To confirm the sort purity of the obtained neuronal and glial populations we re-ran a small aliquot of the sorted nuclei through the flow cytometer and measured the percentage of NeuN positivity (Figure 2B). Using this follow-up procedure, we observed a mean sort purity of 83.2% ± 15.8 (mean ± SD) in NeuN+ and 97.6% ± 2.7 (mean ± SD) in NeuN (Figure 2B). To further validate sort quality, we used qRT-PCR to measure mRNA expression levels of cell type-specific gene markers (Figure 2C). Although this setting is limited to quantifying the pre-translation mRNA contained in the nucleus, single nuclei studies have shown that expression of nuclear RNA transcripts is highly similar to whole-cell RNA preparations in neurons (Grindberg et al., 2013). As expected, NeuN+ nuclei showed full expression of the neuronal marker MAP2, but very low or no expression of the astrocytic marker GFAP, the oligodendroglial marker CNP, and microglial marker AIF1, whereas the opposite pattern was true for the NeuN nuclei. Together, these results confirm that our FANS procedure sufficiently separates neuronal and glia nuclei from postmortem brain tissues.
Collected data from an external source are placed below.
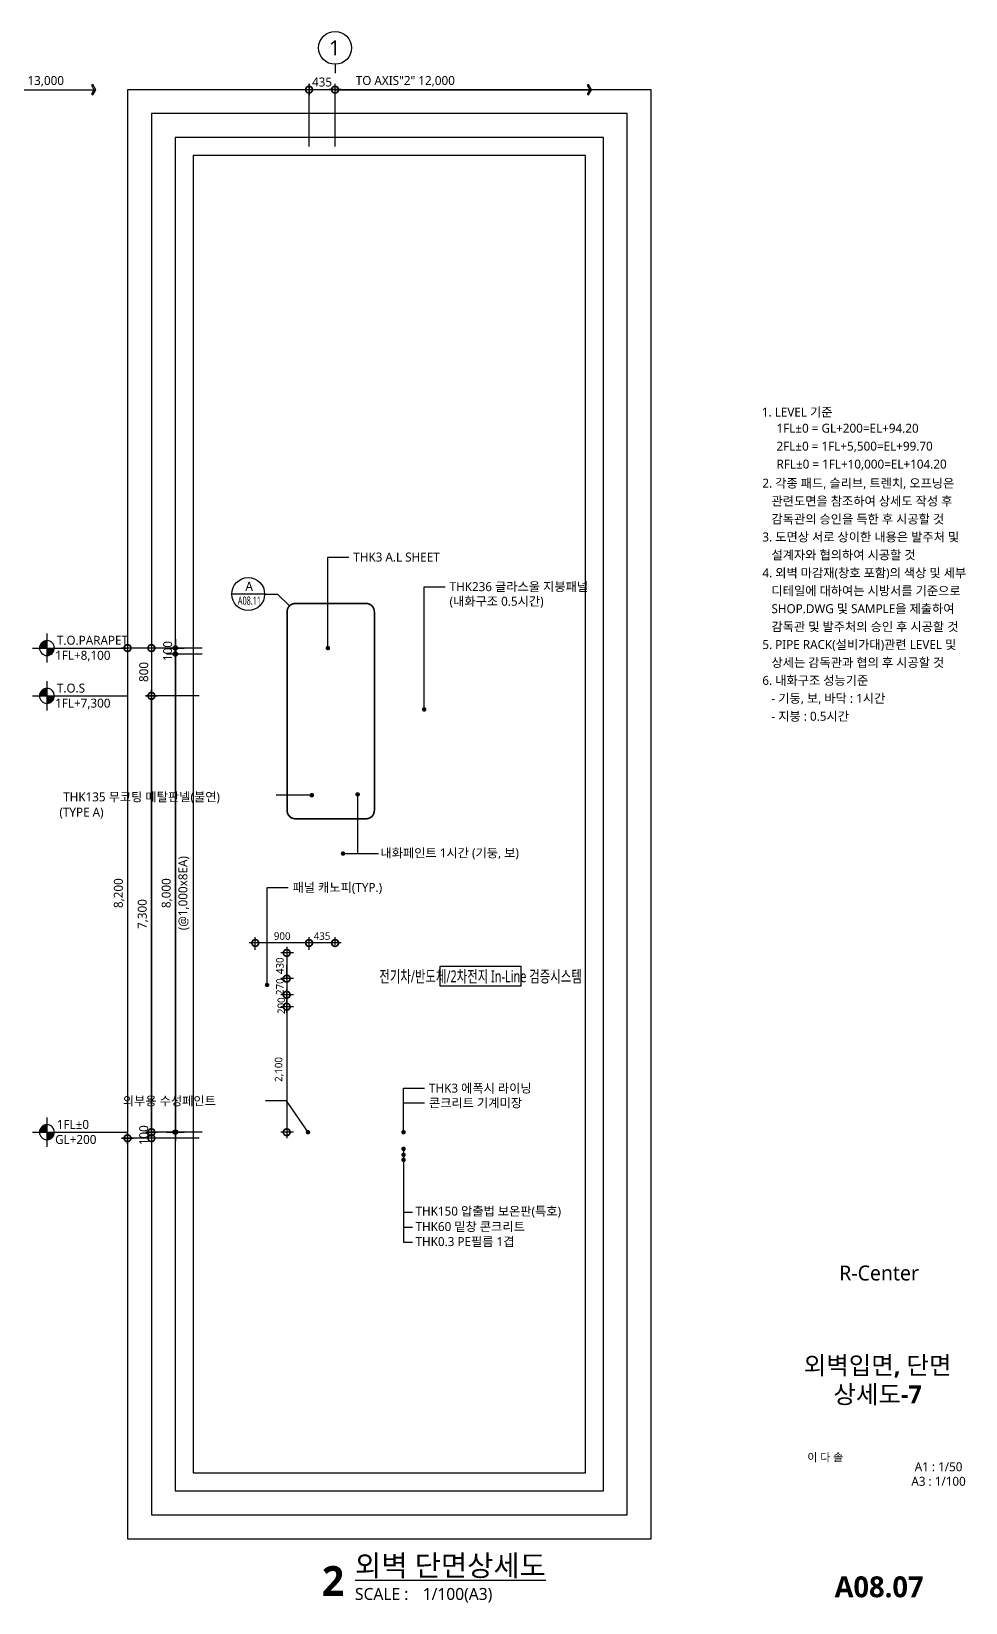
# Model space of a CAD drawing. Header units: millimetres. Extents: x 2568 to 292571, y 1285 to 27671.
# Drawn here: x 276946 to 292571, y 1386 to 27671 of the extents above; entities that cross this region are included whole.
import ezdxf
from ezdxf import colors
from ezdxf.entities.mleader import LeaderData, LeaderLine
from ezdxf.enums import TextEntityAlignment as Align
from ezdxf.math import Vec2, Vec3

# ---------------------------------------------------------------- set-up
doc = ezdxf.new("R2010")
doc.units = ezdxf.units.MM
doc.header["$LTSCALE"] = 200
doc.linetypes.add('DASHDOT', pattern=[1, 0.5, -0.25, 0, -0.25])
doc.layers.get('DEFPOINTS').update_dxf_attribs({"color": 137})
for name, color, linetype in [('3TXT', 3, 'Continuous'), ('A-dim', 7, 'Continuous'), ('A-dims', 7, 'Continuous'), ('DIM', 7, 'Continuous'), ('DIM-2', 7, 'Continuous'), ('DIM-INT', 7, 'Continuous'), ('SYM', 6, 'Continuous'), ('SYM-LEAD', 6, 'Continuous'), ('SYM-LEVEL', 7, 'Continuous'), ('TAG', 6, 'Continuous'), ('TEXT', 3, 'Continuous'), ('TEXT-NOTE', 6, 'Continuous'), ('XR-SHEET$0$TITLE', 7, 'Continuous'), ('XR-SHEET$1$SHT', 5, 'Continuous'), ('XR-SHEET$1$TEXT', 3, 'Continuous')]:
    doc.layers.add(name, color=color, linetype=linetype)
doc.layers.add('NOPLOT', color=191, linetype='Continuous', plot=False)
doc.styles.add('$0$스타일1', font='malgun.ttf')
doc.styles.add('ARIAL', font='malgun.ttf')
doc.styles.add('ARIALB', font='malgun.ttf')
doc.styles.add('GAUN', font='malgun.ttf')
doc.styles.add('T1', font='malgun.ttf')
doc.styles.add('XR-sec$0$스타일1', font='malgun.ttf')
doc.styles.add('XR-SHEET$0$굴림체(옥산)', font='malgun.ttf')
doc.styles.add('XR-SHEET$0$맑은고딕B', font='malgunbd.ttf')
doc.styles.add('맑은고딕', font='malgun.ttf')
doc.styles.add('맑은고딕B', font='malgunbd.ttf')
doc.styles.add('스타일1', font='malgun.ttf')
doc.styles.add('스타일2', font='malgunbd.ttf')
doc.dimstyles.new('CJA', dxfattribs={"dimscale": 300, "dimtxt": 2.7, "dimasz": 1, "dimexe": 2, "dimexo": 3, "dimgap": 1, "dimtad": 1, "dimdec": 0, "dimzin": 1, "dimdsep": 46, "dimlunit": 6, "dimtxsty": '$0$스타일1', "dimblk": 'CJDOT', "dimcen": 0.09, "dimdle": 1, "dimclrd": 256, "dimclre": 256, "dimclrt": 3, "dimadec": 0, "dimazin": 0, "dimtfac": 1, "dimtdec": 0, "dimtix": 1, "dimtmove": 2, "dimatfit": 3, "dimldrblk": 'CJDOT', "dimfxl": 1, "dimtolj": 1, "dimtzin": 1, "dimarcsym": 0})
doc.dimstyles.new('DIM-QD 1', dxfattribs={"dimtxt": 3, "dimasz": 1.5, "dimexe": 1, "dimexo": 0, "dimgap": 1, "dimtad": 1, "dimdec": 3, "dimdsep": 46, "dimlunit": 6, "dimtxsty": '스타일1', "dimblk1": 'ARCHTICK', "dimblk2": 'ARCHTICK', "dimsah": 1, "dimcen": 0, "dimclrd": 256, "dimclre": 256, "dimclrt": 3, "dimazin": 2, "dimtfac": 1, "dimtdec": 3, "dimtix": 1, "dimtmove": 2, "dimatfit": 3, "dimldrblk": 'ARCHTICK', "dimfxl": 1, "dimtolj": 1, "dimtzin": 0, "dimarcsym": 0})
doc.dimstyles.new('GAUN-50', dxfattribs={"dimscale": 50, "dimtxt": 3, "dimasz": 1, "dimexe": 2, "dimexo": 3, "dimgap": 1, "dimtad": 1, "dimdec": 0, "dimzin": 1, "dimdsep": 46, "dimlunit": 6, "dimtxsty": '스타일1', "dimblk": 'GAUN-DOT', "dimcen": -2, "dimdle": 2, "dimclrd": 256, "dimclre": 256, "dimclrt": 3, "dimadec": 0, "dimazin": 0, "dimtfac": 1, "dimtdec": 0, "dimtix": 1, "dimtmove": 2, "dimatfit": 3, "dimldrblk": 'DOTSMALL', "dimfxl": 1, "dimtolj": 1, "dimtzin": 1, "dimarcsym": 0})
doc.dimstyles.new('HDA-P(N100)', dxfattribs={"dimscale": 50, "dimtxt": 3, "dimasz": 1, "dimexe": 2, "dimexo": 2, "dimgap": 1, "dimtad": 1, "dimdec": 0, "dimzin": 1, "dimdsep": 46, "dimlunit": 6, "dimtxsty": 'T1', "dimblk": 'Z_DOT', "dimcen": 1, "dimclrd": 256, "dimclrt": 3, "dimadec": 0, "dimazin": 0, "dimtfac": 1, "dimtdec": 0, "dimtix": 1, "dimtmove": 2, "dimatfit": 3, "dimldrblk": 'DOT', "dimfxl": 1, "dimtolj": 1, "dimtzin": 1, "dimarcsym": 0})

# ---------------------------------------------------------------- blocks, each defined once
blk = doc.blocks.new('bu-v')
at = {"layer": 'TAG', "ltscale": 0.2}
blk.add_line((0, 3), (0, 0), dxfattribs=at)
blk.add_circle((0, 8.5), 5.5, dxfattribs=at)
at = {"layer": 'TAG', "color": 3, "style": 'ARIALB'}
blk.add_attdef('1', text='', height=5, dxfattribs=at).set_placement((0, 8.5), align=Align.MIDDLE_CENTER)
blk = doc.blocks.new('GAUN-DOT')
at = {"linetype": 'ByBlock'}
for p, q in [((2, 0), (-2, 0)), ((0, -2), (0, 2))]:
    blk.add_line(p, q, dxfattribs=at)
at = {"const_width": 2.25}
blk.add_lwpolyline([(0, 0.28125, 1), (0, -0.28125, 1)], format="xyb", close=True, dxfattribs=at)
blk = doc.blocks.new('*D83')
at = {"layer": 'DEFPOINTS', "color": 0, "transparency": 16777216}
for p in [(282025, 26697), (281590, 25597), (282025, 25597)]:
    blk.add_point(p, dxfattribs=at)
at = {"layer": 'DIM', "lineweight": -2, "transparency": 16777216}
for p, q in [((281590, 25747), (281590, 26797)), ((281640, 26697), (281975, 26697)), ((282025, 25747), (282025, 26797))]:
    blk.add_line(p, q, dxfattribs=at)
at = {"layer": 'DIM', "lineweight": -2, "transparency": 16777216, "xscale": 50, "yscale": 50, "zscale": 50, "rotation": 180}
blk.add_blockref('GAUN-DOT', (281590, 26697), dxfattribs=at)
at = {"layer": 'DIM', "lineweight": -2, "transparency": 16777216, "xscale": 50, "yscale": 50, "zscale": 50}
blk.add_blockref('GAUN-DOT', (282025, 26697), dxfattribs=at)
at = {"layer": 'DIM', "color": 3, "transparency": 16777216, "insert": (281807, 26824), "char_height": 150, "attachment_point": 5, "style": '스타일1'}
blk.add_mtext('\\A1;435', dxfattribs=at)
blk = doc.blocks.new('_DotSmall')
at = {"color": 0, "linetype": 'ByBlock', "const_width": 0.5}
blk.add_lwpolyline([(-0.0625, 0, 1), (0.0625, 0, 1)], format="xyb", close=True, dxfattribs=at)
blk = doc.blocks.new('XR-sec$0$LEVEL1')
at = {"layer": 'SYM-LEVEL'}
h = blk.add_hatch(color=6, dxfattribs=at)
edge = h.paths.add_edge_path()
edge.add_ellipse((4.87, 0), major_axis=(1.77, 1.77), ratio=1, start_angle=405, end_angle=495)
edge.add_line((2.37, 0), (4.87, 0))
edge.add_line((4.87, 0), (4.87, 2.5))
edge = h.paths.add_edge_path()
edge.add_ellipse((4.87, 0), major_axis=(1.77, 1.77), ratio=1, start_angle=225, end_angle=315)
edge.add_line((7.37, 0), (4.87, 0))
edge.add_line((4.87, 0), (4.87, -2.5))
at = {"layer": 'SYM-LEVEL', "color": 6}
for p, q in [((0, 0), (9.74, 0)), ((4.87, 4.87), (4.87, -4.87)), ((9.07, 0), (31.8, 0))]:
    blk.add_line(p, q, dxfattribs=at)
blk.add_ellipse((4.87, 0), major_axis=(1.77, 1.77), ratio=1, start_param=5.497787, end_param=11.780972, dxfattribs=at)
at = {"layer": 'SYM-LEVEL', "color": 3, "style": 'XR-sec$0$스타일1'}
for tag, p in [('1층-바닥마감', (8.16, 1.11)), ('EL-+100', (8.16, -3.93))]:
    blk.add_attdef(tag, p, '', height=3, dxfattribs=at)
blk = doc.blocks.new('*D112')
at = {"layer": 'A-dim', "lineweight": -2, "transparency": 16777216}
for p, q in [((279753, 17355), (278453, 17355)), ((278553, 17305), (278553, 9205)), ((279753, 9155), (278453, 9155))]:
    blk.add_line(p, q, dxfattribs=at)
at = {"layer": 'DEFPOINTS', "color": 0, "transparency": 16777216}
for p in [(279903, 17355), (278553, 9155), (279903, 9155)]:
    blk.add_point(p, dxfattribs=at)
at = {"layer": 'A-dim', "lineweight": -2, "transparency": 16777216, "xscale": 50, "yscale": 50, "zscale": 50}
for p, rotation in [((278553, 17355), 90), ((278553, 9155), 270)]:
    blk.add_blockref('GAUN-DOT', p, dxfattribs=dict(at, rotation=rotation))
at = {"layer": 'A-dim', "color": 3, "transparency": 16777216, "insert": (278413, 13255), "char_height": 150, "attachment_point": 5, "rotation": 90, "style": '스타일1'}
blk.add_mtext('\\A1;8,200', dxfattribs=at)
blk = doc.blocks.new('Z_DOT')
at = {"layer": 'A-dims', "color": 0}
for p, q in [((-3, 0), (3, 0)), ((0, -3), (0, 3))]:
    blk.add_line(p, q, dxfattribs=at)
for radius in [0.75, 0.375]:
    blk.add_circle((0, 0), radius, dxfattribs=at)
blk = doc.blocks.new('*D113')
at = {"layer": 'A-dim', "color": 0, "lineweight": -2, "transparency": 16777216}
for p, q in [((279803, 17255), (279253, 17255)), ((279803, 9255), (279253, 9255))]:
    blk.add_line(p, q, dxfattribs=at)
at = {"layer": 'A-dim', "lineweight": -2, "transparency": 16777216}
blk.add_line((279353, 17205), (279353, 9305), dxfattribs=at)
at = {"layer": 'DEFPOINTS', "color": 0, "transparency": 16777216}
for p in [(279903, 17255), (279353, 9255), (279903, 9255)]:
    blk.add_point(p, dxfattribs=at)
at = {"layer": 'A-dim', "lineweight": -2, "transparency": 16777216, "xscale": 50, "yscale": 50, "zscale": 50}
for p, rotation in [((279353, 17255), 90), ((279353, 9255), 270)]:
    blk.add_blockref('Z_DOT', p, dxfattribs=dict(at, rotation=rotation))
at = {"layer": 'A-dim', "color": 3, "transparency": 16777216, "char_height": 150, "attachment_point": 5, "rotation": 90, "style": 'T1'}
for s, insert in [('\\A1;(@1,000x8EA)', (279496, 13255)), ('\\A1;8,000', (279213, 13255))]:
    blk.add_mtext(s, dxfattribs=dict(at, insert=insert))
blk = doc.blocks.new('_DOT')
at = {"color": 0, "linetype": 'ByBlock'}
blk.add_line((-0.5, 0), (-1, 0), dxfattribs=at)
at = {"color": 0, "linetype": 'ByBlock', "const_width": 0.5}
blk.add_lwpolyline([(-0.25, 0, 1), (0.25, 0, 1)], format="xyb", close=True, dxfattribs=at)
blk = doc.blocks.new('*D114')
at = {"layer": 'A-dim', "lineweight": -2, "transparency": 16777216}
for p, q in [((279753, 9255), (278853, 9255)), ((278953, 9305), (278953, 9355)), ((278953, 9255), (278953, 9155)), ((279753, 9155), (278853, 9155)), ((278953, 9105), (278953, 9055))]:
    blk.add_line(p, q, dxfattribs=at)
at = {"layer": 'DEFPOINTS', "color": 0, "transparency": 16777216}
for p in [(279903, 9255), (278953, 9155), (279903, 9155)]:
    blk.add_point(p, dxfattribs=at)
at = {"layer": 'A-dim', "lineweight": -2, "transparency": 16777216, "xscale": 50, "yscale": 50, "zscale": 50}
for p, rotation in [((278953, 9255), 270), ((278953, 9155), 90)]:
    blk.add_blockref('GAUN-DOT', p, dxfattribs=dict(at, rotation=rotation))
at = {"layer": 'A-dim', "color": 3, "transparency": 16777216, "insert": (278825, 9205), "char_height": 150, "attachment_point": 5, "rotation": 90, "style": '스타일1'}
blk.add_mtext('\\A1;100', dxfattribs=at)
blk = doc.blocks.new('*D115')
at = {"layer": 'A-dim', "lineweight": -2, "transparency": 16777216}
for p, q in [((279753, 16555), (278853, 16555)), ((278953, 9305), (278953, 16505)), ((279753, 9255), (278853, 9255))]:
    blk.add_line(p, q, dxfattribs=at)
at = {"layer": 'DEFPOINTS', "color": 0, "transparency": 16777216}
for p in [(278953, 16555), (279903, 16555), (279903, 9255)]:
    blk.add_point(p, dxfattribs=at)
at = {"layer": 'A-dim', "lineweight": -2, "transparency": 16777216, "xscale": 50, "yscale": 50, "zscale": 50}
for p, rotation in [((278953, 16555), 90), ((278953, 9255), 270)]:
    blk.add_blockref('GAUN-DOT', p, dxfattribs=dict(at, rotation=rotation))
at = {"layer": 'A-dim', "color": 3, "transparency": 16777216, "insert": (278813, 12905), "char_height": 150, "attachment_point": 5, "rotation": 90, "style": '스타일1'}
blk.add_mtext('\\A1;7,300', dxfattribs=at)
blk = doc.blocks.new('*D116')
at = {"layer": 'A-dim', "lineweight": -2, "transparency": 16777216}
for p, q in [((279753, 17355), (278853, 17355)), ((278953, 17305), (278953, 16605)), ((279753, 16555), (278853, 16555))]:
    blk.add_line(p, q, dxfattribs=at)
at = {"layer": 'DEFPOINTS', "color": 0, "transparency": 16777216}
for p in [(279903, 17355), (278953, 16555), (279903, 16555)]:
    blk.add_point(p, dxfattribs=at)
at = {"layer": 'A-dim', "lineweight": -2, "transparency": 16777216, "xscale": 50, "yscale": 50, "zscale": 50}
for p, rotation in [((278953, 17355), 90), ((278953, 16555), 270)]:
    blk.add_blockref('GAUN-DOT', p, dxfattribs=dict(at, rotation=rotation))
at = {"layer": 'A-dim', "color": 3, "transparency": 16777216, "insert": (278825, 16955), "char_height": 150, "attachment_point": 5, "rotation": 90, "style": '스타일1'}
blk.add_mtext('\\A1;800', dxfattribs=at)
blk = doc.blocks.new('dwgtitle')
at = {"layer": 'SYM', "color": 3, "style": '스타일1'}
blk.add_text('SCALE :', height=4, dxfattribs=at).set_placement((12.25, -1.4))
for tag, p, height in [('%%UTITLE', (12.25, 6.59), 7), ('1/100', (34.89, -1.4), 4)]:
    blk.add_attdef(tag, p, '', height=height, dxfattribs=at)
at = {"layer": 'SYM', "color": 6, "style": '스타일2'}
blk.add_attdef('A', text='', height=10, dxfattribs=at).set_placement((4.89, 5), align=Align.MIDDLE)
blk = doc.blocks.new('*D286')
at = {"layer": 'A-dim', "color": 0, "lineweight": -2, "transparency": 16777216}
for p, q in [((279803, 17355), (279253, 17355)), ((279803, 17255), (279253, 17255))]:
    blk.add_line(p, q, dxfattribs=at)
at = {"layer": 'A-dim', "lineweight": -2, "transparency": 16777216}
for p, q in [((279353, 17405), (279353, 17455)), ((279353, 17255), (279353, 17355)), ((279353, 17205), (279353, 17155))]:
    blk.add_line(p, q, dxfattribs=at)
at = {"layer": 'DEFPOINTS', "color": 0, "transparency": 16777216}
for p in [(279353, 17355), (279903, 17355), (279903, 17255)]:
    blk.add_point(p, dxfattribs=at)
at = {"layer": 'A-dim', "lineweight": -2, "transparency": 16777216, "xscale": 50, "yscale": 50, "zscale": 50}
for p, rotation in [((279353, 17355), 270), ((279353, 17255), 90)]:
    blk.add_blockref('Z_DOT', p, dxfattribs=dict(at, rotation=rotation))
at = {"layer": 'A-dim', "color": 3, "transparency": 16777216, "insert": (279225, 17305), "char_height": 150, "attachment_point": 5, "rotation": 90, "style": 'T1'}
blk.add_mtext('\\A1;100', dxfattribs=at)
blk = doc.blocks.new('_ARCHTICK')
at = {"color": 0, "linetype": 'ByBlock', "const_width": 0.15}
blk.add_lwpolyline([(-0.5, -0.5), (0.5, 0.5)], dxfattribs=at)
blk = doc.blocks.new('*D287')
at = {"layer": 'DEFPOINTS', "color": 0, "transparency": 16777216}
for p in [(280690, 12421), (280690, 12158), (281590, 12158)]:
    blk.add_point(p, dxfattribs=at)
at = {"layer": 'DIM-INT', "color": 7, "lineweight": -2, "transparency": 16777216}
for p, q in [((281690, 12421), (280590, 12421)), ((280690, 12308), (280690, 12521)), ((281590, 12308), (281590, 12521))]:
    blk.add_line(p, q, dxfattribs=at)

2.3. Neuronal vs. glial ratios in frontal lobe PMB

Given that neuronal-loss is a hallmark of AD pathology we entertained the possibility that an AD-related shift in the neuron to glia ratio is behind the observed difference in the APOE CGI methylation levels. To determine if neuronal loss is associated with the differential methylation levels in frontal lobe tissue, we analyzed flow cytometry data to determine ratios of neuronal to total cell nuclei. These ratios were highly variable across individual samples but were not significantly different between AD and control groups (Supplemental Figure 3). The average percentage of NeuN+ nuclei in total nuclei was 24.8% ± 12 (mean ± SD) in AD compared to 22.0% ± 12.5 (mean ± SD) in the control group. This data suggests that the reduced methylation we observed with AD in the APOE CGI cannot be attributed to shifting densities of neuronal and/or glial populations.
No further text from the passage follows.